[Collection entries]
____________

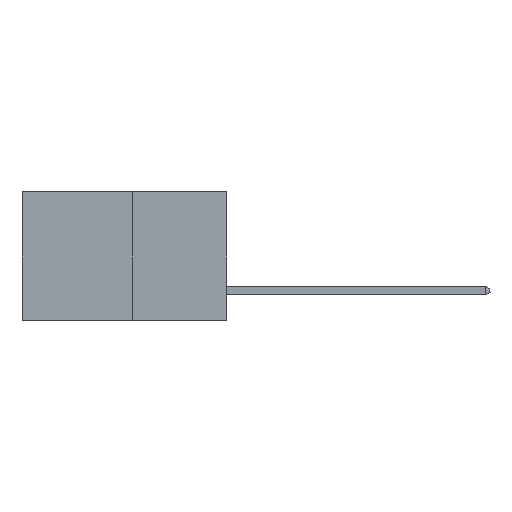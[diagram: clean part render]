
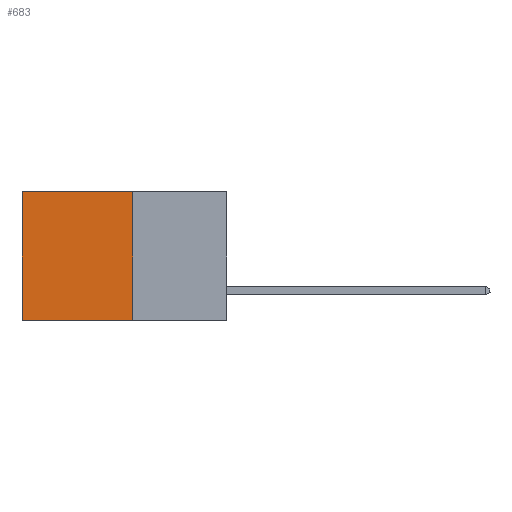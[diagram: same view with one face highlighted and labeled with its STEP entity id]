
A CAD part, left-side view. The second image highlights one B-rep face of the part: STEP entity #683.
In plain terms, the highlighted planar face has unit normal (-1, 0, 0).
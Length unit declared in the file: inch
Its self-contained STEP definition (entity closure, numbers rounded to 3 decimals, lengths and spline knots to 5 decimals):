
#178 = CARTESIAN_POINT ( 'NONE',  ( 0.277, 0.27, -0.37 ) ) ;
#416 = ORIENTED_EDGE ( 'NONE', *, *, #2776, .T. ) ;
#425 = DIRECTION ( 'NONE',  ( 0., 0., -1. ) ) ;
#683 = ADVANCED_FACE ( 'NONE', ( #5066 ), #1806, .F. ) ;
#1320 = CARTESIAN_POINT ( 'NONE',  ( 0.277, 0.27, -0.37 ) ) ;
#1806 = PLANE ( 'NONE',  #6722 ) ;
#1991 = EDGE_CURVE ( 'NONE', #2813, #7838, #5723, .T. ) ;
#2276 = CARTESIAN_POINT ( 'NONE',  ( 0.277, 0.59, -0.37 ) ) ;
#2343 = EDGE_CURVE ( 'NONE', #7838, #5087, #2395, .T. ) ;
#2395 = LINE ( 'NONE', #178, #6008 ) ;
#2466 = ORIENTED_EDGE ( 'NONE', *, *, #3341, .T. ) ;
#2730 = CARTESIAN_POINT ( 'NONE',  ( 0.277, 0.27, -0.37 ) ) ;
#2776 = EDGE_CURVE ( 'NONE', #2813, #5223, #5389, .T. ) ;
#2813 = VERTEX_POINT ( 'NONE', #7712 ) ;
#3337 = LINE ( 'NONE', #8533, #5068 ) ;
#3341 = EDGE_CURVE ( 'NONE', #5223, #5087, #3337, .T. ) ;
#3476 = VECTOR ( 'NONE', #7459, 39.37008 ) ;
#4051 = EDGE_LOOP ( 'NONE', ( #2466, #6266, #7897, #416 ) ) ;
#4549 = DIRECTION ( 'NONE',  ( 0., 0., -1. ) ) ;
#5066 = FACE_OUTER_BOUND ( 'NONE', #4051, .T. ) ;
#5068 = VECTOR ( 'NONE', #425, 39.37008 ) ;
#5087 = VERTEX_POINT ( 'NONE', #2276 ) ;
#5223 = VERTEX_POINT ( 'NONE', #8471 ) ;
#5389 = LINE ( 'NONE', #8040, #3476 ) ;
#5723 = LINE ( 'NONE', #1320, #8797 ) ;
#6008 = VECTOR ( 'NONE', #7932, 39.37008 ) ;
#6014 = DIRECTION ( 'NONE',  ( 0., 0., -1. ) ) ;
#6266 = ORIENTED_EDGE ( 'NONE', *, *, #2343, .F. ) ;
#6722 = AXIS2_PLACEMENT_3D ( 'NONE', #7939, #6754, #4549 ) ;
#6754 = DIRECTION ( 'NONE',  ( 1., 0., 0. ) ) ;
#7459 = DIRECTION ( 'NONE',  ( 0., 1., 0. ) ) ;
#7712 = CARTESIAN_POINT ( 'NONE',  ( 0.277, 0.27, 0. ) ) ;
#7838 = VERTEX_POINT ( 'NONE', #2730 ) ;
#7897 = ORIENTED_EDGE ( 'NONE', *, *, #1991, .F. ) ;
#7932 = DIRECTION ( 'NONE',  ( 0., 1., 0. ) ) ;
#7939 = CARTESIAN_POINT ( 'NONE',  ( 0.277, 0.27, -0.37 ) ) ;
#8040 = CARTESIAN_POINT ( 'NONE',  ( 0.277, 0.27, 0. ) ) ;
#8471 = CARTESIAN_POINT ( 'NONE',  ( 0.277, 0.59, 0. ) ) ;
#8533 = CARTESIAN_POINT ( 'NONE',  ( 0.277, 0.59, -0.37 ) ) ;
#8797 = VECTOR ( 'NONE', #6014, 39.37008 ) ;
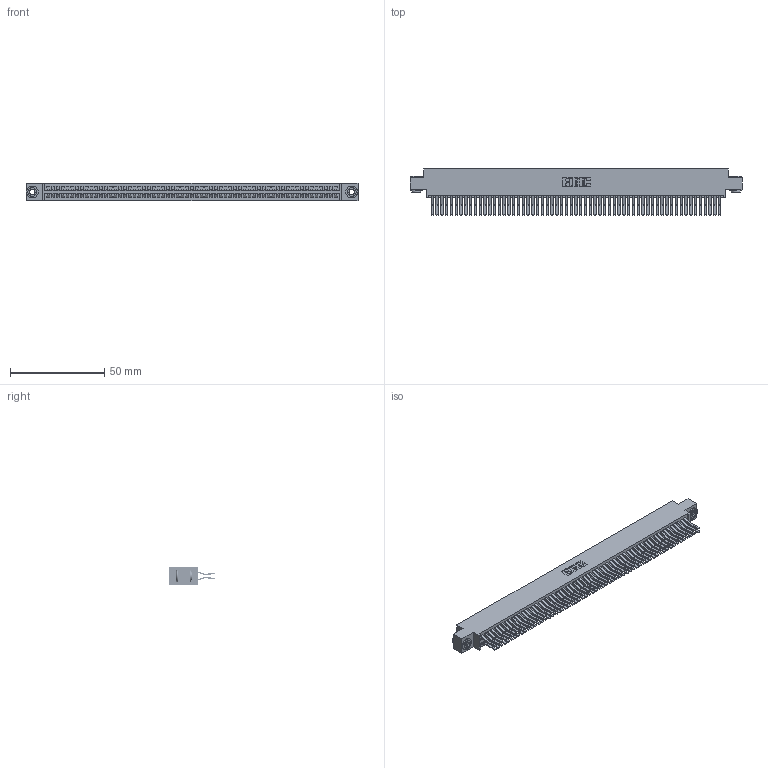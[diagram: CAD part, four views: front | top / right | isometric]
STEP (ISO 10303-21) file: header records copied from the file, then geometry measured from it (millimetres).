
FILE_DESCRIPTION (( 'STEP AP203' ), '1' );
FILE_NAME ('395-122-560-803.STEP', '2019-10-28T09:56:20', ( '' ), ( '' ), 'SwSTEP 2.0', 'SolidWorks 2016', '' );
FILE_SCHEMA (( 'CONFIG_CONTROL_DESIGN' ));
Length unit declared in the file: inch
Products named in the file (4): 345 Part_0.170 Offset - 0.156 Dia-TH; 395-122-560-803; 345-292-001_560 Tail; 345-250-002_345-250-002-102
Assembly tree (125 placements, depth 2):
  395-122-560-803
    345 Part_0.170 Offset - 0.156 Dia-TH
    345-292-001_560 Tail  x122
    345-250-002_345-250-002-102  x2
Bounding box: 176.15 x 24.45 x 9.4 mm (x, y, z)
Volume: 17993.3 mm3; surface area: 29370.2 mm2
Topology: 125 solids, 125 shells, 6512 faces, 19339 edges, 12726 vertices
Faces by surface type: plane 4120, cylinder 2384, cone 8
Entity records: 46174 total; most frequent: CARTESIAN_POINT 7699, ORIENTED_EDGE 7626, DIRECTION 6799, EDGE_CURVE 3813, LINE 3409, VECTOR 3409, VERTEX_POINT 2538, AXIS2_PLACEMENT_3D 1695
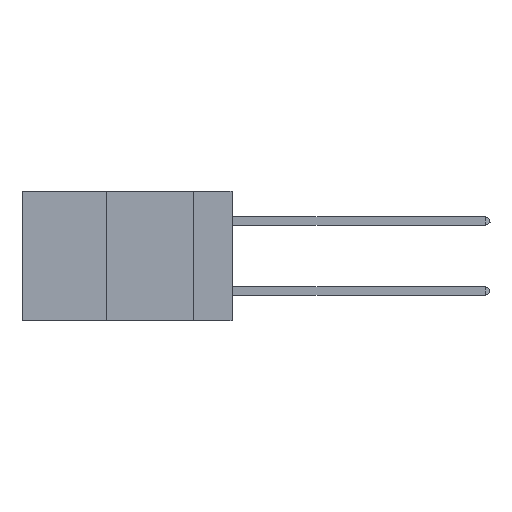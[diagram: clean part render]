
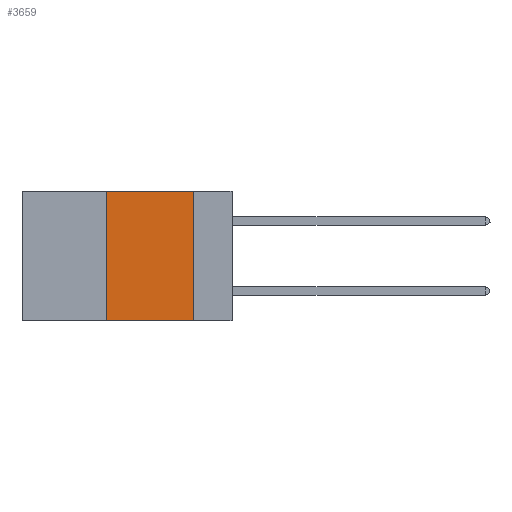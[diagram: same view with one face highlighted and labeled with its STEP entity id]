
A CAD part, left-side view. The second image highlights one B-rep face of the part: STEP entity #3659.
In plain terms, the highlighted planar face has unit normal (-1, 0, 0).
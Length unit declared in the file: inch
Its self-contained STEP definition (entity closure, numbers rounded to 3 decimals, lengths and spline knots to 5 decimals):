
#55 = CARTESIAN_POINT ( 'NONE',  ( 0., 0.36, 0. ) ) ;
#167 = CARTESIAN_POINT ( 'NONE',  ( 0., 0.36, -0.37 ) ) ;
#631 = VECTOR ( 'NONE', #4534, 39.37008 ) ;
#1031 = LINE ( 'NONE', #7110, #6328 ) ;
#2085 = VERTEX_POINT ( 'NONE', #4682 ) ;
#2636 = DIRECTION ( 'NONE',  ( 1., 0., 0. ) ) ;
#3373 = EDGE_CURVE ( 'NONE', #2085, #13718, #8470, .T. ) ;
#3577 = DIRECTION ( 'NONE',  ( 0., -1., 0. ) ) ;
#3659 = ADVANCED_FACE ( 'NONE', ( #12554 ), #13416, .F. ) ;
#4495 = ORIENTED_EDGE ( 'NONE', *, *, #4557, .F. ) ;
#4534 = DIRECTION ( 'NONE',  ( 0., 0., 1. ) ) ;
#4557 = EDGE_CURVE ( 'NONE', #13718, #7057, #9255, .T. ) ;
#4682 = CARTESIAN_POINT ( 'NONE',  ( 0., 0.36, 0. ) ) ;
#4752 = DIRECTION ( 'NONE',  ( 0., 0., -1. ) ) ;
#4755 = ORIENTED_EDGE ( 'NONE', *, *, #11218, .T. ) ;
#5039 = ORIENTED_EDGE ( 'NONE', *, *, #3373, .F. ) ;
#5550 = VERTEX_POINT ( 'NONE', #167 ) ;
#5906 = CARTESIAN_POINT ( 'NONE',  ( 0., 0.6, 0. ) ) ;
#6328 = VECTOR ( 'NONE', #3577, 39.37008 ) ;
#6916 = DIRECTION ( 'NONE',  ( 0., 0., -1. ) ) ;
#6926 = ORIENTED_EDGE ( 'NONE', *, *, #13237, .F. ) ;
#7057 = VERTEX_POINT ( 'NONE', #9154 ) ;
#7110 = CARTESIAN_POINT ( 'NONE',  ( 0., 0.6, -0.37 ) ) ;
#7448 = VECTOR ( 'NONE', #4752, 39.37008 ) ;
#8121 = VECTOR ( 'NONE', #8315, 39.37008 ) ;
#8315 = DIRECTION ( 'NONE',  ( 0., -1., 0. ) ) ;
#8470 = LINE ( 'NONE', #12751, #8121 ) ;
#9154 = CARTESIAN_POINT ( 'NONE',  ( 0., 0.11, -0.37 ) ) ;
#9255 = LINE ( 'NONE', #10183, #7448 ) ;
#9571 = EDGE_LOOP ( 'NONE', ( #4495, #5039, #6926, #4755 ) ) ;
#10183 = CARTESIAN_POINT ( 'NONE',  ( 0., 0.11, 0. ) ) ;
#11218 = EDGE_CURVE ( 'NONE', #5550, #7057, #1031, .T. ) ;
#11955 = AXIS2_PLACEMENT_3D ( 'NONE', #5906, #2636, #6916 ) ;
#12024 = CARTESIAN_POINT ( 'NONE',  ( 0., 0.11, 0. ) ) ;
#12554 = FACE_OUTER_BOUND ( 'NONE', #9571, .T. ) ;
#12751 = CARTESIAN_POINT ( 'NONE',  ( 0., 0.6, 0. ) ) ;
#13237 = EDGE_CURVE ( 'NONE', #5550, #2085, #14111, .T. ) ;
#13416 = PLANE ( 'NONE',  #11955 ) ;
#13718 = VERTEX_POINT ( 'NONE', #12024 ) ;
#14111 = LINE ( 'NONE', #55, #631 ) ;

____________

Work item: Filter the entries and copy out every line with the word "records".

Answer section:
STEP (ISO 10303-21) file: header records copied from the file, then geometry measured from it (millimetres).
Entity records: 46174 total; most frequent: CARTESIAN_POINT 7699, ORIENTED_EDGE 7626, DIRECTION 6799, EDGE_CURVE 3813, LINE 3409, VECTOR 3409, VERTEX_POINT 2538, AXIS2_PLACEMENT_3D 1695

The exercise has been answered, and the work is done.